Mandić Milan (Clinical Center Niš, Clinic for physical medicine and rehabilitation, Niš)
Aranđelović Mirjana (Faculty of Medicine, Niš)
Rančić Nataša ORCID iD icon (Faculty of Medicine, Niš + Institute for public health, Niš)
Nikolić Maja ORCID iD icon (Faculty of Medicine, Niš + Institute for public health, Niš)
Veličković Zoran (Faculty of Medicine, Niš + Institute for public health, Niš)
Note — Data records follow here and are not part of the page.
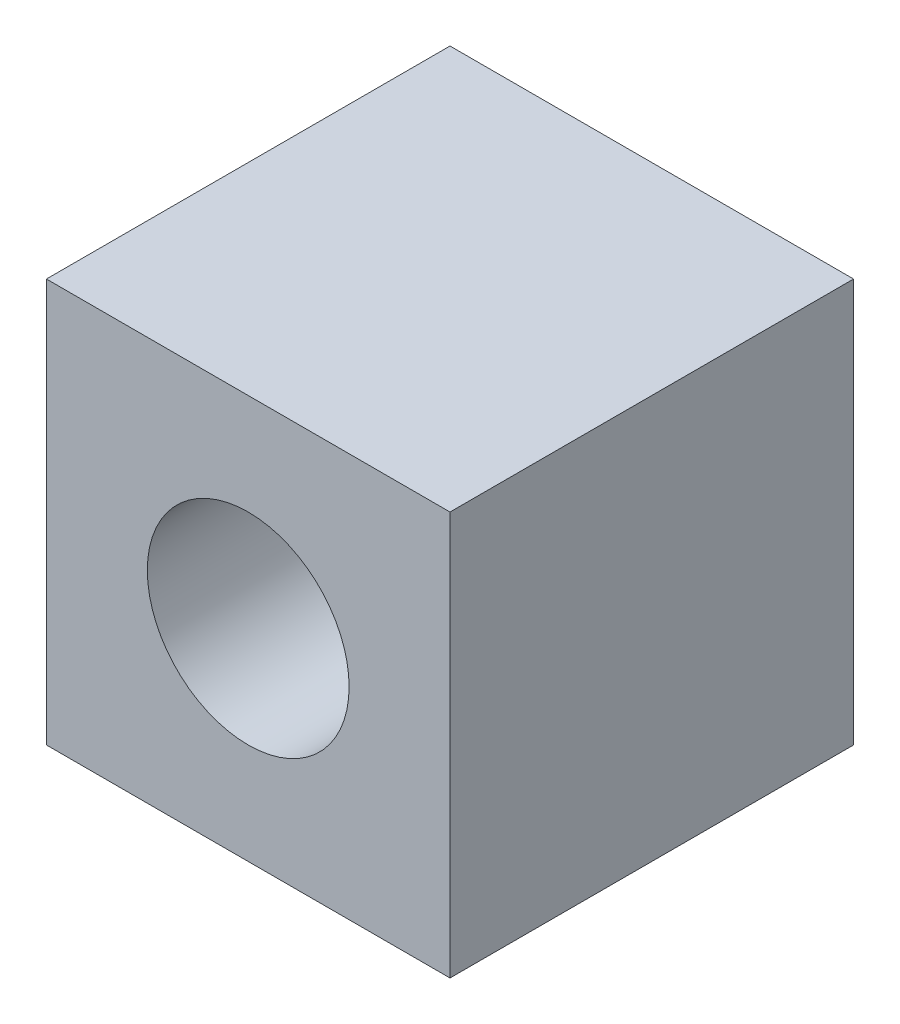
SolidWorks part; units mm, degrees
ref_plane "Front Plane" through (0, 0, 0) normal (0, 0, 1) x (1, 0, 0)
ref_plane "Top Plane" through (0, 0, 0) normal (0, 1, 0) x (1, 0, 0)
ref_plane "Right Plane" through (0, 0, 0) normal (1, 0, 0) x (0, 0, -1)
sketch "Sketch1" plane through (0, 0, 0) normal (0, 0, 1) x (1, 0, 0)
  line L1 (-5, -5) -> (5, -5)
  line L2 (-5, -5) -> (-5, 5)
  line L3 (-5, 5) -> (5, 5)
  line L4 (5, -5) -> (5, 5)
  line L5 (-5, -5) -> (5, 5) construction
  line L6 (-5, 5) -> (5, -5) construction
  circle A0 centre (0, 0) radius 2.5
  point P0 (0, 0)
  dimension "D2" = 5
  dimension "D1" = 10
extrude "Boss-Extrude1" add sketch "Sketch1" along normal blind 10

Introduction/Objective It has been estimated that 50% of strokes are preventable through the control of modifiable risk factors. The objective of the paper was to determine the correlation between the risk factors, functional status, and the health-related quality of life (HRQOL) of stroke survivors. Method The prospective cohort study was used. The study included 136 patients 30–79 years old. Functional recovery was assessed using the Barthel index (BI) and the Modified Rankin Scale (mRS). The HRQOL was evaluated by the generic Short Form 36 (SF-36) questionnaire. BI and mRS were determined at admission at the rehabilitation, one, three and six months after the stroke. The SF-36 was filled out at the same time. The analysis of the repeated measure variance (Repeated Measures ANOVA) was applied, as well as the correlation analysis and Spearman’s coefficient of rank correlation. Results A total number of 136 patients [66 (48.5%) male and 70 (51.5%) female] completed the questionnaire. The average age of stroke survivors was 63.72 ± 8.73. At admission, mRS was 4.75 ± 0.55, and six months after the stroke onset it decreased to 2.60 ± 1.08. The average value of BI at admission was 25 ± 24.66, and within six months it increased to 83.75 ± 18.59 (p = 0.001). The ANOVA showed that the values of mRS significantly decreased (p < 0.001) and the values of BI significantly increased (ANOVA: p < 0.001). All domains of the SF-36 questionnaire, except for the pain domain, significantly increased (p < 0.001). The physical function (r = 0.238; p < 0. 01), physical role (r = 0.199; p < 0.05), and emotional role (r = 0.237; p < 0.01) were significantly lower among alcohol addicts (r = 0.199; p < 0.05). Mental health (r = 0.244; p < 0.01) and social relationships domains were significantly lower among smokers (r = 0.272; p < 0.01). The general health (r = -0.290; p < 001) and health condition change domains were significantly lower among smokers (r = 0.225; p < 0.01). Conclusion The most important risk factor which was negatively correlated with the HRQOL was smoking. The patients who were smokers and alcohol addicts had a significantly smaller increase of the HRQOL domains compared to other patent groups. Six months after the stroke, all domains of the HRQOL significantly increased. The significant improvement of patients’ functional status was positively correlated to the increase of their HRQOL.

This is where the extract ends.